*Instructions to follow*.
When you reproduce the listing below, keep every entry exactly as written.

········

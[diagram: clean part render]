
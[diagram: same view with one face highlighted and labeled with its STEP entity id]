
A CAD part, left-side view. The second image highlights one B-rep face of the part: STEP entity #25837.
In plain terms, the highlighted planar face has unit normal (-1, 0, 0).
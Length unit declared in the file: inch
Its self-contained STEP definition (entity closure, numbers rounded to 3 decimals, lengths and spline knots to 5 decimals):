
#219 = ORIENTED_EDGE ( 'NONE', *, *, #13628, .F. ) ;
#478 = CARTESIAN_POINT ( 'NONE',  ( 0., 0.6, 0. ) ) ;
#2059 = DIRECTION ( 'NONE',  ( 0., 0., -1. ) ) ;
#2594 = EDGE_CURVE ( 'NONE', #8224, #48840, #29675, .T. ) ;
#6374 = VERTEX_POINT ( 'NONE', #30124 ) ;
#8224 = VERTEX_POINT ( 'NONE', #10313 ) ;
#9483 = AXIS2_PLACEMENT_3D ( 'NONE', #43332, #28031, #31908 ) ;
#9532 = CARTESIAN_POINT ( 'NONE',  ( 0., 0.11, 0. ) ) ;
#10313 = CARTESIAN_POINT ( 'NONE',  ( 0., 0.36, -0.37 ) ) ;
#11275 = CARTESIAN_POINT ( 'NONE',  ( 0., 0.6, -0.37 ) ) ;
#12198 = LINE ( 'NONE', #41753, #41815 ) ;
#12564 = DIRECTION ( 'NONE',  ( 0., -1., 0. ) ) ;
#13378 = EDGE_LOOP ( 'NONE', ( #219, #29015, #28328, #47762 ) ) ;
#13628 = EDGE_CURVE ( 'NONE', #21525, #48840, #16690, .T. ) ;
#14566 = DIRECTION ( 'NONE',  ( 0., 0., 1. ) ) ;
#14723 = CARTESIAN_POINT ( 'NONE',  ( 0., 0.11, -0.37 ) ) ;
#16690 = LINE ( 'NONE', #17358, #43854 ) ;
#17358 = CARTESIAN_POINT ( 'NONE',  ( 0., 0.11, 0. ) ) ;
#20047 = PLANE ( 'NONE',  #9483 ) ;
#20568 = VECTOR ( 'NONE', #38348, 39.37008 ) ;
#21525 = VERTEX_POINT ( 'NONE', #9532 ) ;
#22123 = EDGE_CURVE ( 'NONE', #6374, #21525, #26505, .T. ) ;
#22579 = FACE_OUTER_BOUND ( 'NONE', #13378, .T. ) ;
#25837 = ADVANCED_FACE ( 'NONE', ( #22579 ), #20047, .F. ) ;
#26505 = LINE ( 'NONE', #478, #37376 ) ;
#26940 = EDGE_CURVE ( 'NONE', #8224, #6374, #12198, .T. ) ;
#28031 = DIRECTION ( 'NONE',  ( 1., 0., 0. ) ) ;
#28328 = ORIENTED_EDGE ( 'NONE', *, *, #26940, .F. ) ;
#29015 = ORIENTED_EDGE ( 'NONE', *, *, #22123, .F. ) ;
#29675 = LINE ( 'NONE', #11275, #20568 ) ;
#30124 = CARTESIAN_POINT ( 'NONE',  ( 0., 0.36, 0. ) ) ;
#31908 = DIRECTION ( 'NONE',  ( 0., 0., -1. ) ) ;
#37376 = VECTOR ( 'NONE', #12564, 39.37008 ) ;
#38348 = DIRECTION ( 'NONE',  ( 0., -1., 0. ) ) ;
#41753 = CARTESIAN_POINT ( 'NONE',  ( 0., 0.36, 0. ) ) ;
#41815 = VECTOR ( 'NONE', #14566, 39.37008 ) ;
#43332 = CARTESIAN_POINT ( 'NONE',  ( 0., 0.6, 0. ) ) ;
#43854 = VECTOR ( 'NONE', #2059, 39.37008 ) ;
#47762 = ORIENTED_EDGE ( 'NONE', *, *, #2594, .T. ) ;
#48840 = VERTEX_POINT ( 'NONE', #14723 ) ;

········

*Solution to the problem*.
[diagram: clean part render]
[diagram: same view with one face highlighted and labeled with its STEP entity id]
A CAD part, left-side view. The second image highlights one B-rep face of the part: STEP entity #25837.
In plain terms, the highlighted planar face has unit normal (-1, 0, 0).
Length unit declared in the file: inch
Its self-contained STEP definition (entity closure, numbers rounded to 3 decimals, lengths and spline knots to 5 decimals):
#219 = ORIENTED_EDGE ( 'NONE', *, *, #13628, .F. ) ;
#478 = CARTESIAN_POINT ( 'NONE',  ( 0., 0.6, 0. ) ) ;
#2059 = DIRECTION ( 'NONE',  ( 0., 0., -1. ) ) ;
#2594 = EDGE_CURVE ( 'NONE', #8224, #48840, #29675, .T. ) ;
#6374 = VERTEX_POINT ( 'NONE', #30124 ) ;
#8224 = VERTEX_POINT ( 'NONE', #10313 ) ;
#9483 = AXIS2_PLACEMENT_3D ( 'NONE', #43332, #28031, #31908 ) ;
#9532 = CARTESIAN_POINT ( 'NONE',  ( 0., 0.11, 0. ) ) ;
#10313 = CARTESIAN_POINT ( 'NONE',  ( 0., 0.36, -0.37 ) ) ;
#11275 = CARTESIAN_POINT ( 'NONE',  ( 0., 0.6, -0.37 ) ) ;
#12198 = LINE ( 'NONE', #41753, #41815 ) ;
#12564 = DIRECTION ( 'NONE',  ( 0., -1., 0. ) ) ;
#13378 = EDGE_LOOP ( 'NONE', ( #219, #29015, #28328, #47762 ) ) ;
#13628 = EDGE_CURVE ( 'NONE', #21525, #48840, #16690, .T. ) ;
#14566 = DIRECTION ( 'NONE',  ( 0., 0., 1. ) ) ;
#14723 = CARTESIAN_POINT ( 'NONE',  ( 0., 0.11, -0.37 ) ) ;
#16690 = LINE ( 'NONE', #17358, #43854 ) ;
#17358 = CARTESIAN_POINT ( 'NONE',  ( 0., 0.11, 0. ) ) ;
#20047 = PLANE ( 'NONE',  #9483 ) ;
#20568 = VECTOR ( 'NONE', #38348, 39.37008 ) ;
#21525 = VERTEX_POINT ( 'NONE', #9532 ) ;
#22123 = EDGE_CURVE ( 'NONE', #6374, #21525, #26505, .T. ) ;
#22579 = FACE_OUTER_BOUND ( 'NONE', #13378, .T. ) ;
#25837 = ADVANCED_FACE ( 'NONE', ( #22579 ), #20047, .F. ) ;
#26505 = LINE ( 'NONE', #478, #37376 ) ;
#26940 = EDGE_CURVE ( 'NONE', #8224, #6374, #12198, .T. ) ;
#28031 = DIRECTION ( 'NONE',  ( 1., 0., 0. ) ) ;
#28328 = ORIENTED_EDGE ( 'NONE', *, *, #26940, .F. ) ;
#29015 = ORIENTED_EDGE ( 'NONE', *, *, #22123, .F. ) ;
#29675 = LINE ( 'NONE', #11275, #20568 ) ;
#30124 = CARTESIAN_POINT ( 'NONE',  ( 0., 0.36, 0. ) ) ;
#31908 = DIRECTION ( 'NONE',  ( 0., 0., -1. ) ) ;
#37376 = VECTOR ( 'NONE', #12564, 39.37008 ) ;
#38348 = DIRECTION ( 'NONE',  ( 0., -1., 0. ) ) ;
#41753 = CARTESIAN_POINT ( 'NONE',  ( 0., 0.36, 0. ) ) ;
#41815 = VECTOR ( 'NONE', #14566, 39.37008 ) ;
#43332 = CARTESIAN_POINT ( 'NONE',  ( 0., 0.6, 0. ) ) ;
#43854 = VECTOR ( 'NONE', #2059, 39.37008 ) ;
#47762 = ORIENTED_EDGE ( 'NONE', *, *, #2594, .T. ) ;
#48840 = VERTEX_POINT ( 'NONE', #14723 ) ;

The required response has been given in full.